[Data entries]
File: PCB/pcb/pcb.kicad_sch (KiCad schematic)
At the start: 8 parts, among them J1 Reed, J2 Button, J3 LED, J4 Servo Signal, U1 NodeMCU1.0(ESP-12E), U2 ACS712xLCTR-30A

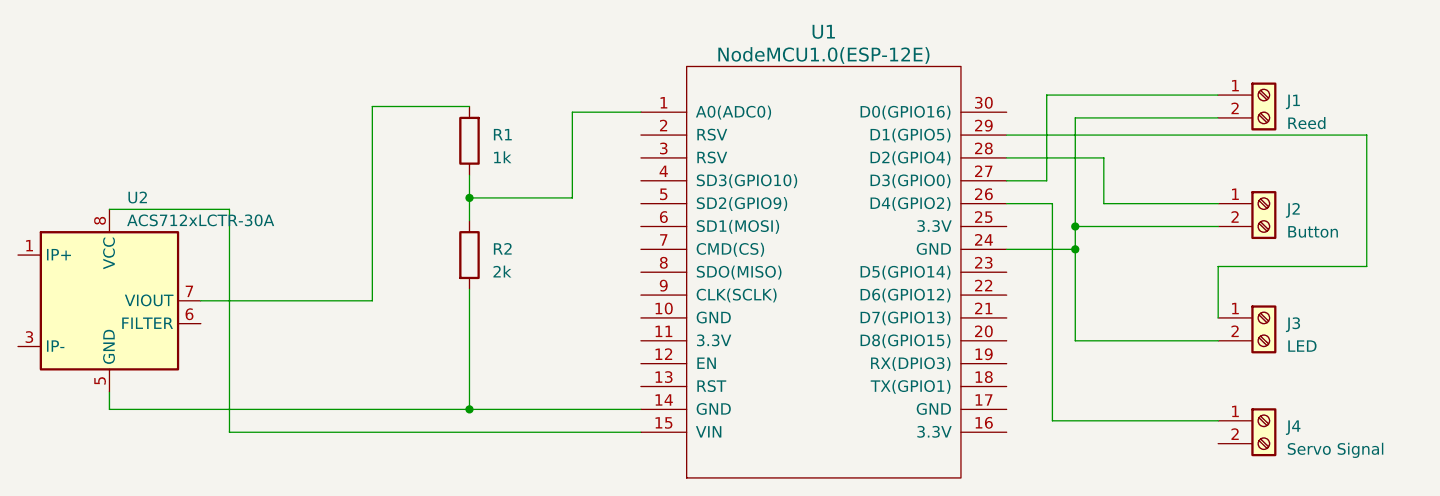
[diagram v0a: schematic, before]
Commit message: updated the PCB
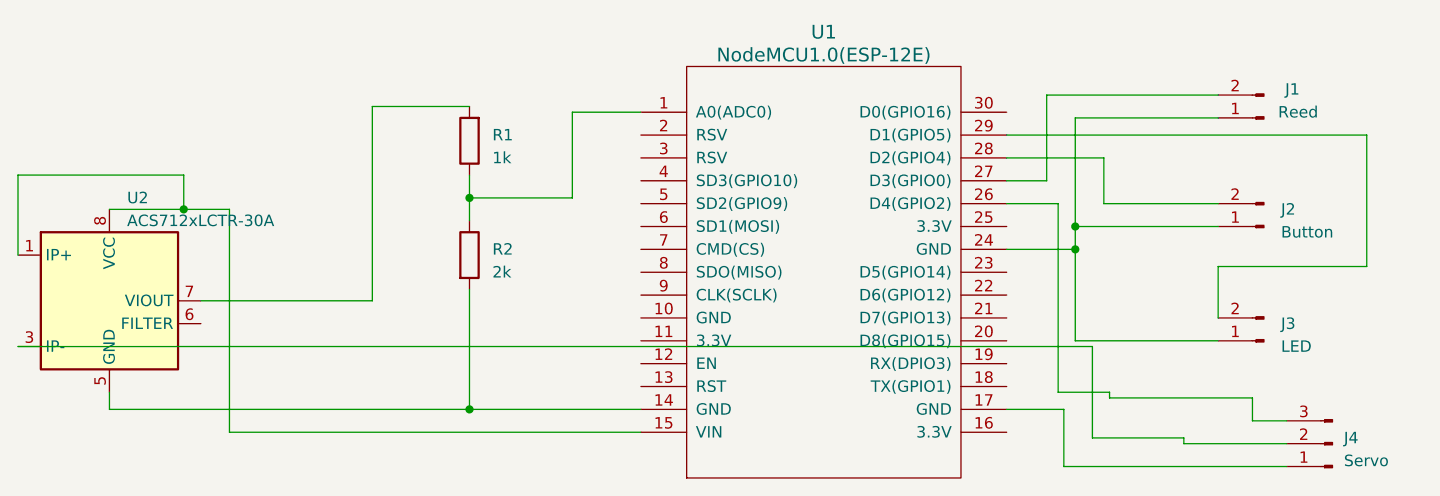
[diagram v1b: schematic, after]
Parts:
- removed J1: Reed, TerminalBlock_4Ucon:TerminalBlock_4Ucon_1x02_P3.50mm_Horizontal, symbol Connector:Screw_Terminal_01x02
- removed J2: Button, TerminalBlock_4Ucon:TerminalBlock_4Ucon_1x02_P3.50mm_Horizontal, symbol Connector:Screw_Terminal_01x02
- removed J3: LED, TerminalBlock_4Ucon:TerminalBlock_4Ucon_1x02_P3.50mm_Horizontal, symbol Connector:Screw_Terminal_01x02
- removed J4: Servo Signal, TerminalBlock_4Ucon:TerminalBlock_4Ucon_1x02_P3.50mm_Horizontal, symbol Connector:Screw_Terminal_01x02
- added J1: Reed, Connector_JST:JST_EH_B2B-EH-A_1x02_P2.50mm_Vertical, symbol Connector:Conn_01x02_Pin
- added J2: Button, Connector_JST:JST_EH_B2B-EH-A_1x02_P2.50mm_Vertical, symbol Connector:Conn_01x02_Pin
- added J3: LED, Connector_JST:JST_EH_B2B-EH-A_1x02_P2.50mm_Vertical, symbol Connector:Conn_01x02_Pin
- added J4: Servo, Connector_JST:JST_EH_B3B-EH-A_1x03_P2.50mm_Vertical, symbol Connector:Conn_01x03_Pin
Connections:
- net at U1.29 (D1(GPIO5)): now also J3.2 (Pin_2)
- net at U1.24 (GND): now also J1.1 (Pin_1), J2.1 (Pin_1), J3.1 (Pin_1)
- net at U1.27 (D3(GPIO0)): now also J1.2 (Pin_2)
- net at U1.28 (D2(GPIO4)): now also J2.2 (Pin_2)
- net at U1.15 (VIN), U2.8 (VCC): now also U2.1 (IP+), U2.2 (IP+)
- net at U1.17 (GND): now also J4.1 (Pin_1)
- net at U1.26 (D4(GPIO2)): now also J4.3 (Pin_3)
- net at U2.3 (IP-), U2.4 (IP-): now also J4.2 (Pin_2)

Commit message: finished PCB design
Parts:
- J1, J2, J3: footprint Connector_JST:JST_EH_B2B-EH-A_1x02_P2.50mm_Vertical -> Connector_PinHeader_2.54mm:PinHeader_1x02_P2.54mm_Vertical
- J4: footprint Connector_JST:JST_EH_B3B-EH-A_1x03_P2.50mm_Vertical -> Connector_PinHeader_2.54mm:PinHeader_1x03_P2.54mm_Vertical
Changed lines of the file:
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@@
       (effects (font (size 1.27 1.27)) (justify right))
     )
-    (property "Footprint" "Connector_JST:JST_EH_B2B-EH-A_1x02_P2.50mm_Vertical" (at 199.39 84.455 0)
+    (property "Footprint" "Connector_PinHeader_2.54mm:PinHeader_1x02_P2.54mm_Vertical" (at 199.39 84.455 0)
       (effects (font (size 1.27 1.27)) hide)
     )
@@
       (effects (font (size 1.27 1.27)))
     )
-    (property "Footprint" "Connector_JST:JST_EH_B2B-EH-A_1x02_P2.50mm_Vertical" (at 199.39 72.39 0)
+    (property "Footprint" "Connector_PinHeader_2.54mm:PinHeader_1x02_P2.54mm_Vertical" (at 199.39 72.39 0)
       (effects (font (size 1.27 1.27)) hide)
     )
@@
       (effects (font (size 1.27 1.27)) (justify right))
     )
-    (property "Footprint" "Connector_JST:JST_EH_B3B-EH-A_1x03_P2.50mm_Vertical" (at 207.01 108.585 0)
+    (property "Footprint" "Connector_PinHeader_2.54mm:PinHeader_1x03_P2.54mm_Vertical" (at 207.01 108.585 0)
       (effects (font (size 1.27 1.27)) hide)
     )
@@
       (effects (font (size 1.27 1.27)) (justify right))
     )
-    (property "Footprint" "Connector_JST:JST_EH_B2B-EH-A_1x02_P2.50mm_Vertical" (at 199.39 97.155 0)
-      (effects (font (size 1.27 1.27)) hide)
-    )
+    (property "Footprint" "Connector_PinHeader_2.54mm:PinHeader_1x02_P2.54mm_Vertical" (at 199.39 97.155 0)
+      (effects (font (size 1.27 1.27)) hide)
+    )
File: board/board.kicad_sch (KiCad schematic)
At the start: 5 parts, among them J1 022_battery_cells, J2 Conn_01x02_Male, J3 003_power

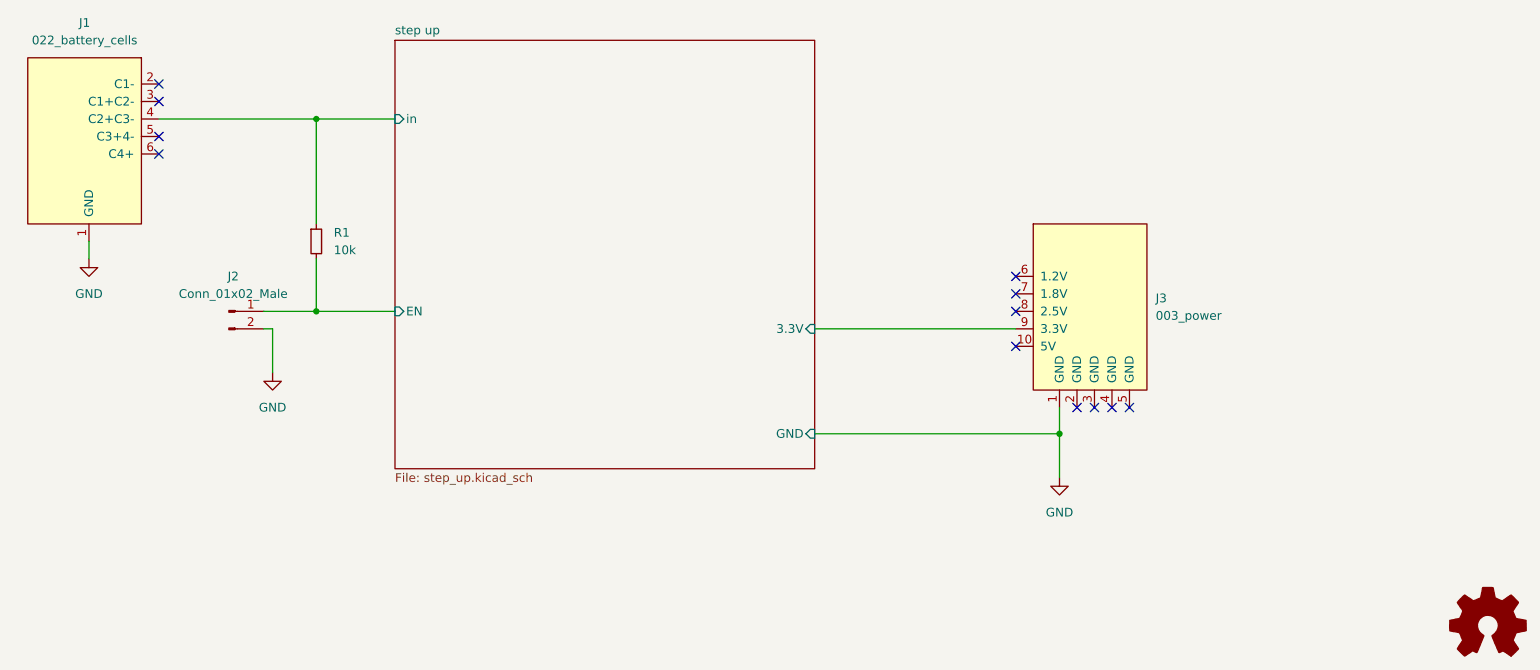
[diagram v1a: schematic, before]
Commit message: added resistor to allow shorting of bat low to gnd
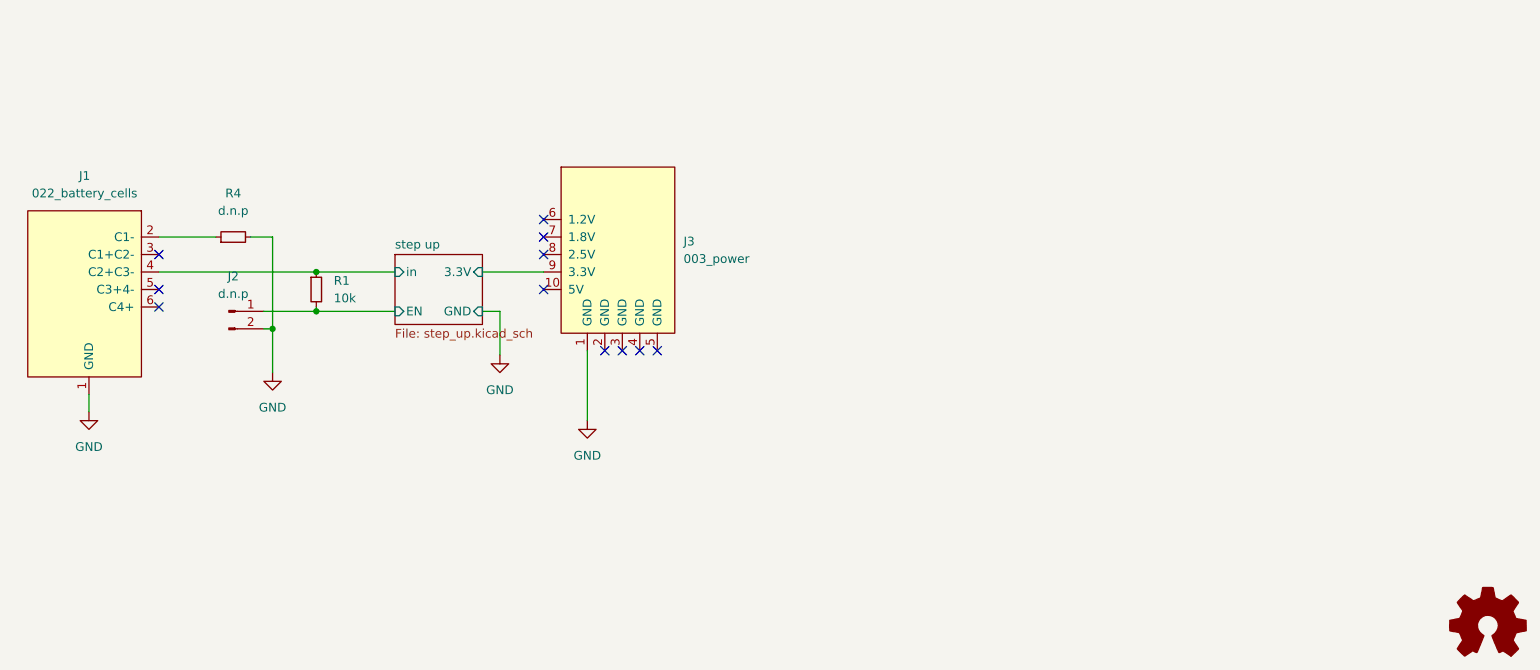
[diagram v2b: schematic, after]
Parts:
- added R4: d.n.p, Resistor_SMD:R_0603_1608Metric, symbol Device:R_Small
- J2: value Conn_01x02_Male -> d.n.p
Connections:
- net GND: now also R4.2
- net at J1.2 (C1-): now also R4.1
- no-connect marks 12 -> 11
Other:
- moved on the sheet: J1, J3, R1
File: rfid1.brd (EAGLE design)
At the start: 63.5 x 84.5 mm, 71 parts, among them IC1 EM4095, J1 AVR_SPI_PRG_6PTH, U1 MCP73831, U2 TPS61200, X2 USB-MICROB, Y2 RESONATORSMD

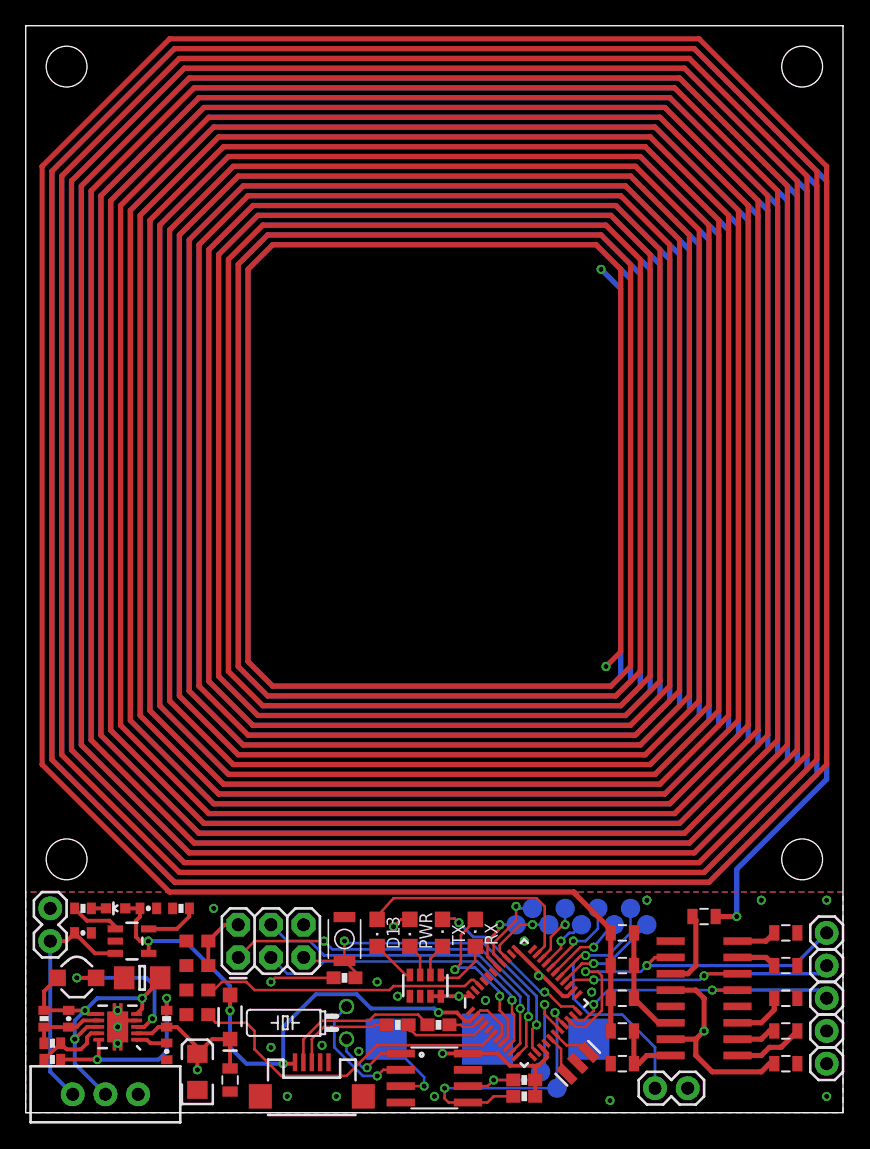
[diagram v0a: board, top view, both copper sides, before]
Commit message: Updated part sizes and added acces pads for unused avr pins.  Added silk labels and free area.  Revision sent for manufacturing 6/4/12
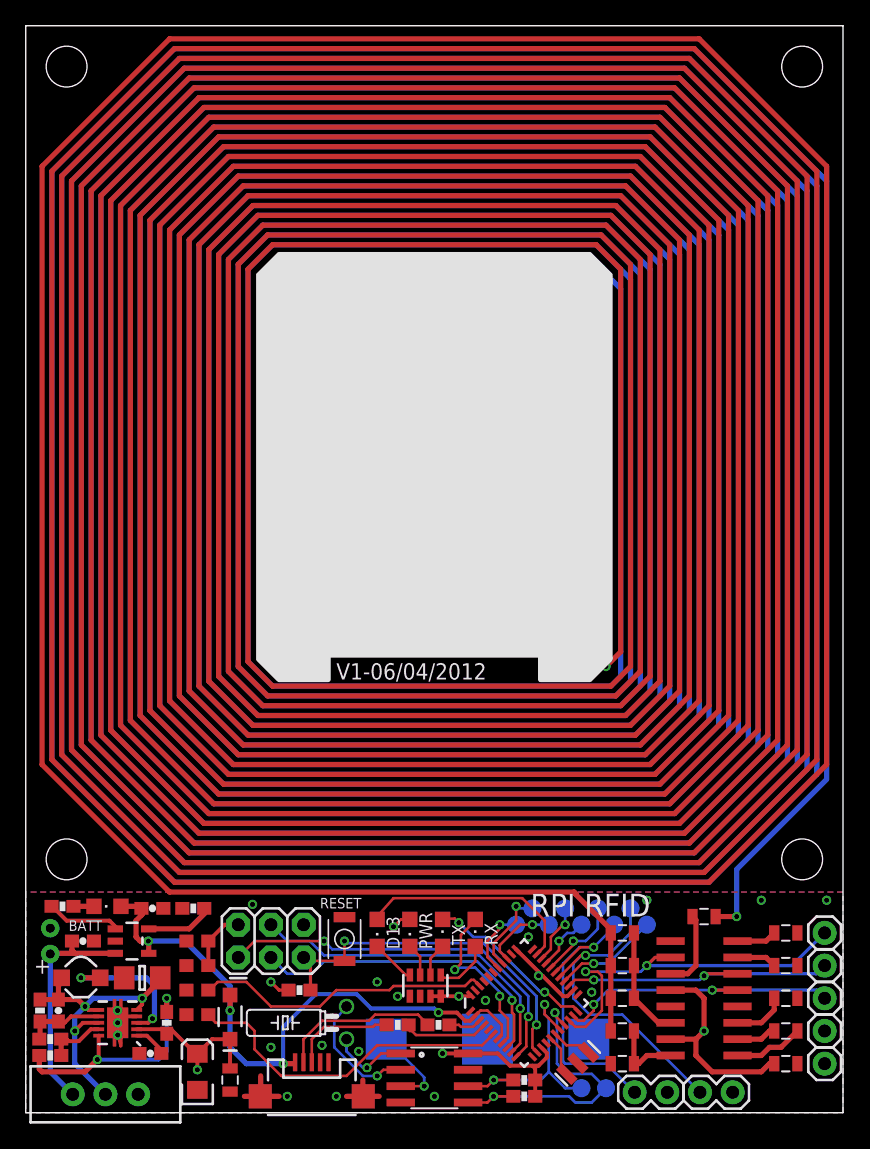
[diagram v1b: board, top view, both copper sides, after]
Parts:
- removed D4: red, SparkFun:LED-0603
- added CHARGE: RED, led:CHIPLED_0805
- added LIGHT: (no value), SparkFun-Connectors:1X02
- C11, C12, C14, C15: device SparkFun:0402-CAP -> SparkFun:0603-CAP
- LIPO: device SparkFun-Connectors:1X02 -> SparkFun-Connectors:JST-2-PTH-NS
- R10, R11, R3, R4, R5, R9: device SparkFun:0402-RES -> SparkFun:0603-RES
- TP1, TP13, TP14, TP2, TP3, TP4, TP5, TP6, TP7, TP8, TP9: value PTR1TP15R -> PTR1TP14R; device testpad:TP15R -> testpad:TP14R
- moved TP13 3.81 mm to (45.1, 1.27)
- moved R7 3.62 mm to (21.3, 8.89)
- moved BUZZER 3.51 mm to (52.4, 0.95)
- moved TP14 3.42 mm to (43.2, 1.27)
- moved R9 1.60 mm to (2.86, 15.4)
- moved C15 1.28 mm to (9.68, 3.97), turned to 180 degrees
- moved C14 1.02 mm to (2.54, 7.30)
- moved R5 0.95 mm to (13.0, 15.2)
- moved R3 0.71 mm to (1.11, 7.30)
- moved C12 0.64 mm to (4.45, 12.7)
- moved R10 0.35 mm to (1.91, 3.81), turned to 180 degrees
- moved R4 0.35 mm to (1.91, 5.08)
- moved R11 0.32 mm to (11.0, 6.35)
- moved L1 0.32 mm to (4.29, 9.84)
- moved U2 0.32 mm to (7.14, 6.35)
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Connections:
- net D8: now also LIGHT.1
- net GND: now also LIGHT.2
- net N$2: now also CHARGE.C; no longer D4.C
- net VBUS: now also CHARGE.A; no longer D4.A
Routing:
- net D8: track 6.21 -> 23.3 mm
- net GND: track 2.37 -> 8.44 mm, vias 19 -> 17
- net SCL: track 15.4 -> 19.6 mm
- net FB: track 15.2 -> 18.8 mm
- net VCC: track 62.4 -> 59.2 mm
- net N$14: track 4.20 -> 6.05 mm
- net D6: track 23.8 -> 25.6 mm
- net GND1: track 5.80 -> 4.63 mm
- net RST: track 27.8 -> 28.9 mm
- net REF: track 22.1 -> 23.2 mm
- net N$11: track 5.45 -> 6.47 mm
- net UVLO: track 5.71 -> 6.65 mm
- net BATT_IN: track 25.8 -> 24.9 mm
- net VBATT: track 18.6 -> 17.8 mm
- net D13: track 18.1 -> 17.4 mm
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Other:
- board text added: "+"
- board text added: "5V"
- board text added: "A0"
- board text added: "A1"
- board text added: "A2"
- board text added: "BATT"
- board text added: "BUZZ"
- board text added: "CLK"
- board text added: "D10"
- board text added: "D12"
- board text added: "D5"
- board text added: "D6"
- board text added: "D8"
- board text added: "D9"
- board text added: "DATA"
- board text added: "EN"
- board text added: "GND"
- board text added: "LIGHT"
- board text added: "OFF"
- board text added: "ON"
- board text added: "RESET"
- board text added: "RPI RFID"
- board text added: "SCL"
- board text added: "SDA"
- board text added: "V1-06/04/2012"

◆ **WORK TO COMPLETE**:
Scan the entries above and copy each line where "sides" occurs.

◆ **YOUR SOLUTION**:
[diagram v0a: board, top view, both copper sides, before]
[diagram v1b: board, top view, both copper sides, after]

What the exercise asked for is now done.